(Saved data entries)
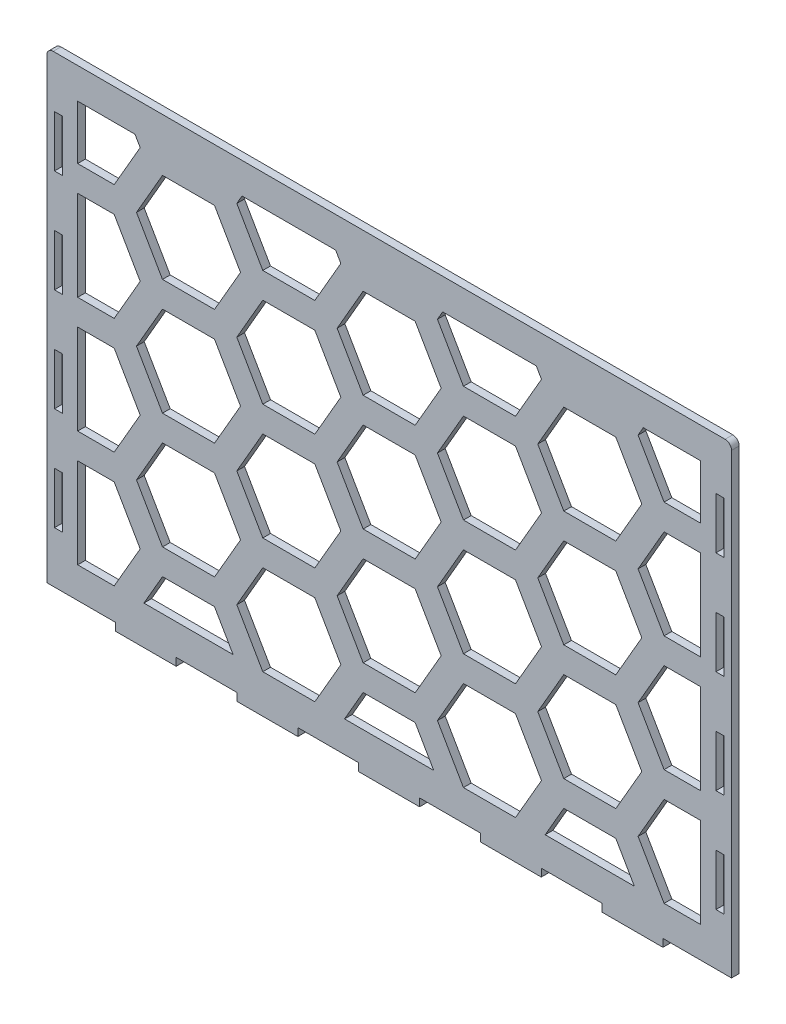
SolidWorks part; units mm, degrees
ref_plane "Front Plane" through (0, 0, 0) normal (0, 0, 1) x (1, 0, 0)
ref_plane "Top Plane" through (0, 0, 0) normal (0, 1, 0) x (1, 0, 0)
ref_plane "Right Plane" through (0, 0, 0) normal (1, 0, 0) x (0, 0, -1)
sketch "Sketch1" plane through (0, 0, 0) normal (0, 0, 1) x (1, 0, 0)
  line L0 (-130, -90) -> (-130, 90) construction
  line L1 (-133, -90) -> (133, -90)
  line L2 (-133, -90) -> (-133, 90)
  line L3 (-133, 90) -> (133, 90)
  line L4 (133, -90) -> (133, 90)
  line L5 (-133, -90) -> (133, 90) construction
  line L6 (-133, 90) -> (133, -90) construction
  line L7 (130, -90) -> (130, 90) construction
  line L8 (-82.7273, -93) -> (-59.0909, -93) construction
  line L9 (-11.8182, -93) -> (11.8182, -93)
  line L10 (-11.8182, -93) -> (-11.8182, -90)
  line L11 (-11.8182, -90) -> (11.8182, -90)
  line L12 (11.8182, -93) -> (11.8182, -90)
  line L13 (-11.8182, -93) -> (11.8182, -90) construction
  line L14 (-11.8182, -90) -> (11.8182, -93) construction
  line L15 (35.4545, -93) -> (59.0909, -93)
  line L16 (35.4545, -93) -> (35.4545, -90)
  line L17 (35.4545, -90) -> (59.0909, -90)
  line L18 (59.0909, -93) -> (59.0909, -90)
  line L19 (35.4545, -93) -> (59.0909, -90) construction
  line L20 (35.4545, -90) -> (59.0909, -93) construction
  line L21 (82.7273, -93) -> (106.3636, -93)
  line L22 (82.7273, -93) -> (82.7273, -90)
  line L23 (82.7273, -90) -> (106.3636, -90)
  line L24 (106.3636, -93) -> (106.3636, -90)
  line L25 (82.7273, -93) -> (106.3636, -90) construction
  line L26 (82.7273, -90) -> (106.3636, -93) construction
  line L27 (-59.0909, -93) -> (-35.4545, -93)
  line L28 (-59.0909, -93) -> (-59.0909, -90)
  line L29 (-59.0909, -90) -> (-35.4545, -90)
  line L30 (-35.4545, -93) -> (-35.4545, -90)
  line L31 (-59.0909, -93) -> (-35.4545, -90) construction
  line L32 (-59.0909, -90) -> (-35.4545, -93) construction
  line L33 (-106.3636, -93) -> (-82.7273, -93)
  line L34 (-106.3636, -93) -> (-106.3636, -90)
  line L35 (-106.3636, -90) -> (-82.7273, -90)
  line L36 (-82.7273, -93) -> (-82.7273, -90)
  line L37 (-106.3636, -93) -> (-82.7273, -90) construction
  line L38 (-106.3636, -90) -> (-82.7273, -93) construction
  line L39 (-35.4545, -93) -> (-11.8182, -93) construction
  line L40 (11.8182, -93) -> (35.4545, -93) construction
  line L41 (59.0909, -93) -> (82.7273, -93) construction
  line L42 (106.3636, -93) -> (130, -93) construction
  line L43 (-106.3636, -93) -> (-130, -93) construction
  line L44 (126.95, 90) -> (126.95, 70) construction
  line L45 (126.95, -10) -> (130, -10)
  line L46 (126.95, -10) -> (126.95, -30)
  line L47 (126.95, -30) -> (130, -30)
  line L48 (130, -10) -> (130, -30)
  line L49 (126.95, -10) -> (130, -30) construction
  line L50 (126.95, -30) -> (130, -10) construction
  line L51 (126.95, 10) -> (130, 10)
  line L52 (126.95, 10) -> (126.95, 30)
  line L53 (126.95, 30) -> (130, 30)
  line L54 (130, 10) -> (130, 30)
  line L55 (126.95, 10) -> (130, 30) construction
  line L56 (126.95, 30) -> (130, 10) construction
  line L57 (126.95, 50) -> (130, 50)
  line L58 (126.95, 50) -> (126.95, 70)
  line L59 (126.95, 70) -> (130, 70)
  line L60 (130, 50) -> (130, 70)
  line L61 (126.95, 50) -> (130, 70) construction
  line L62 (126.95, 70) -> (130, 50) construction
  line L63 (126.95, -50) -> (130, -50)
  line L64 (126.95, -50) -> (126.95, -70)
  line L65 (126.95, -70) -> (130, -70)
  line L66 (130, -50) -> (130, -70)
  line L67 (126.95, -50) -> (130, -70) construction
  line L68 (126.95, -70) -> (130, -50) construction
  line L69 (126.95, 50) -> (126.95, 30) construction
  line L70 (126.95, 10) -> (126.95, -10) construction
  line L71 (126.95, -30) -> (126.95, -50) construction
  line L72 (126.95, -70) -> (126.95, -90) construction
  line L73 (0, -781.5075) -> (0, 49218.4925) construction
  line L74 (-126.95, 70) -> (-130, 70)
  line L75 (-130, 50) -> (-130, 70)
  line L76 (-126.95, 50) -> (-130, 50)
  line L77 (-126.95, 50) -> (-126.95, 70)
  line L78 (-126.95, 30) -> (-130, 30)
  line L79 (-130, 10) -> (-130, 30)
  line L80 (-126.95, 10) -> (-130, 10)
  line L81 (-126.95, 10) -> (-126.95, 30)
  line L82 (-126.95, -30) -> (-130, -30)
  line L83 (-130, -10) -> (-130, -30)
  line L84 (-126.95, -10) -> (-130, -10)
  line L85 (-126.95, -10) -> (-126.95, -30)
  line L86 (-126.95, -70) -> (-130, -70)
  line L87 (-130, -50) -> (-130, -70)
  line L88 (-126.95, -50) -> (-130, -50)
  line L89 (-126.95, -50) -> (-126.95, -70)
  point P0 (0, 0)
  point P10 (0, -91.5)
  point P15 (47.2727, -91.5)
  point P20 (94.5455, -91.5)
  point P25 (-47.2727, -91.5)
  point P30 (-94.5455, -91.5)
  point P35 (128.475, 20)
  point P39 (128.475, -20)
  point P47 (128.475, 60)
  point P52 (128.475, -60)
  dimension "D1" = 266
  dimension "D2" = 180
  dimension "D5" = 3
  dimension "D6" = 3.05
  dimension "D3" = 3
  dimension "D4" = 3
extrude "Boss-Extrude1" add sketch "Sketch1" along normal blind 3 contours L1 L4 L3 L2 L81 L80 L79 L78 L77 L76 L75 L74 L60 L57 L58 L59 L54 L51 L52 L53 L45 L48 L47 L46 L63 L66 L65 L64 L84 L85 L82 L83 L88 | L33 L36 L1 L34 | L27 L30 L1 L28 | L9 L12 L1 L10 | L15 L18 L1 L16 | L24 L23 L22 L21
sketch "Sketch2" [suppressed] plane through (0, -93, 0) normal (0, 0, 1) x (1, 0, 0)
  line L1 (-234.6603, 8.6269) -> (-251.9808, 8.6269)
  line L2 (-251.9808, 8.6269) -> (-260.641, -6.3731)
  line L3 (-260.641, -6.3731) -> (-251.9808, -21.3731)
  line L4 (-251.9808, -21.3731) -> (-234.6603, -21.3731)
  line L5 (-234.6603, -21.3731) -> (-226, -6.3731)
  line L6 (-226, -6.3731) -> (-234.6603, 8.6269)
  line L7 (-192.6603, 8.6269) -> (-209.9808, 8.6269)
  line L8 (-209.9808, 8.6269) -> (-218.641, -6.3731)
  line L9 (-218.641, -6.3731) -> (-209.9808, -21.3731)
  line L10 (-209.9808, -21.3731) -> (-192.6603, -21.3731)
  line L11 (-192.6603, -21.3731) -> (-184, -6.3731)
  line L12 (-184, -6.3731) -> (-192.6603, 8.6269)
  line L13 (-150.6603, 8.6269) -> (-167.9808, 8.6269)
  line L14 (-167.9808, 8.6269) -> (-176.641, -6.3731)
  line L15 (-176.641, -6.3731) -> (-167.9808, -21.3731)
  line L16 (-167.9808, -21.3731) -> (-150.6603, -21.3731)
  line L17 (-150.6603, -21.3731) -> (-142, -6.3731)
  line L18 (-142, -6.3731) -> (-150.6603, 8.6269)
  line L19 (-108.6603, 8.6269) -> (-125.9808, 8.6269)
  line L20 (-125.9808, 8.6269) -> (-134.641, -6.3731)
  line L21 (-134.641, -6.3731) -> (-125.9808, -21.3731)
  line L22 (-125.9808, -21.3731) -> (-108.6603, -21.3731)
  line L23 (-108.6603, -21.3731) -> (-100, -6.3731)
  line L24 (-100, -6.3731) -> (-108.6603, 8.6269)
  line L25 (-66.6603, 8.6269) -> (-83.9808, 8.6269)
  line L26 (-83.9808, 8.6269) -> (-92.641, -6.3731)
  line L27 (-92.641, -6.3731) -> (-83.9808, -21.3731)
  line L28 (-83.9808, -21.3731) -> (-66.6603, -21.3731)
  line L29 (-66.6603, -21.3731) -> (-58, -6.3731)
  line L30 (-58, -6.3731) -> (-66.6603, 8.6269)
  line L31 (-24.6603, 8.6269) -> (-41.9808, 8.6269)
  line L32 (-41.9808, 8.6269) -> (-50.641, -6.3731)
  line L33 (-50.641, -6.3731) -> (-41.9808, -21.3731)
  line L34 (-41.9808, -21.3731) -> (-24.6603, -21.3731)
  line L35 (-24.6603, -21.3731) -> (-16, -6.3731)
  line L36 (-16, -6.3731) -> (-24.6603, 8.6269)
  line L37 (17.3397, 8.6269) -> (0.0192, 8.6269)
  line L38 (0.0192, 8.6269) -> (-8.641, -6.3731)
  line L39 (-8.641, -6.3731) -> (0.0192, -21.3731)
  line L40 (0.0192, -21.3731) -> (17.3397, -21.3731)
  line L41 (17.3397, -21.3731) -> (26, -6.3731)
  line L42 (26, -6.3731) -> (17.3397, 8.6269)
  line L43 (59.3397, 8.6269) -> (42.0192, 8.6269)
  line L44 (42.0192, 8.6269) -> (33.359, -6.3731)
  line L45 (33.359, -6.3731) -> (42.0192, -21.3731)
  line L46 (42.0192, -21.3731) -> (59.3397, -21.3731)
  line L47 (59.3397, -21.3731) -> (68, -6.3731)
  line L48 (68, -6.3731) -> (59.3397, 8.6269)
  line L49 (-171.6603, 45) -> (-188.9808, 45)
  line L50 (-188.9808, 45) -> (-197.641, 30)
  line L51 (-197.641, 30) -> (-188.9808, 15)
  line L52 (-188.9808, 15) -> (-171.6603, 15)
  line L53 (-171.6603, 15) -> (-163, 30)
  line L54 (-163, 30) -> (-171.6603, 45)
  line L55 (-129.6603, 45) -> (-146.9808, 45)
  line L56 (-146.9808, 45) -> (-155.641, 30)
  line L57 (-155.641, 30) -> (-146.9808, 15)
  line L58 (-146.9808, 15) -> (-129.6603, 15)
  line L59 (-129.6603, 15) -> (-121, 30)
  line L60 (-121, 30) -> (-129.6603, 45)
  line L61 (-87.6603, 45) -> (-104.9808, 45)
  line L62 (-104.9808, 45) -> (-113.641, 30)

> [PROBLEM REQUIREMENTS]:
Using the records above, copy word for word the line with "line L84 (-126.95, -10) -> (-130, -10)", the line with "point P15 (47.2727, -91.5)", and every line between them.

> [FINAL ANSWER]:
  line L84 (-126.95, -10) -> (-130, -10)
  line L85 (-126.95, -10) -> (-126.95, -30)
  line L86 (-126.95, -70) -> (-130, -70)
  line L87 (-130, -50) -> (-130, -70)
  line L88 (-126.95, -50) -> (-130, -50)
  line L89 (-126.95, -50) -> (-126.95, -70)
  point P0 (0, 0)
  point P10 (0, -91.5)
  point P15 (47.2727, -91.5)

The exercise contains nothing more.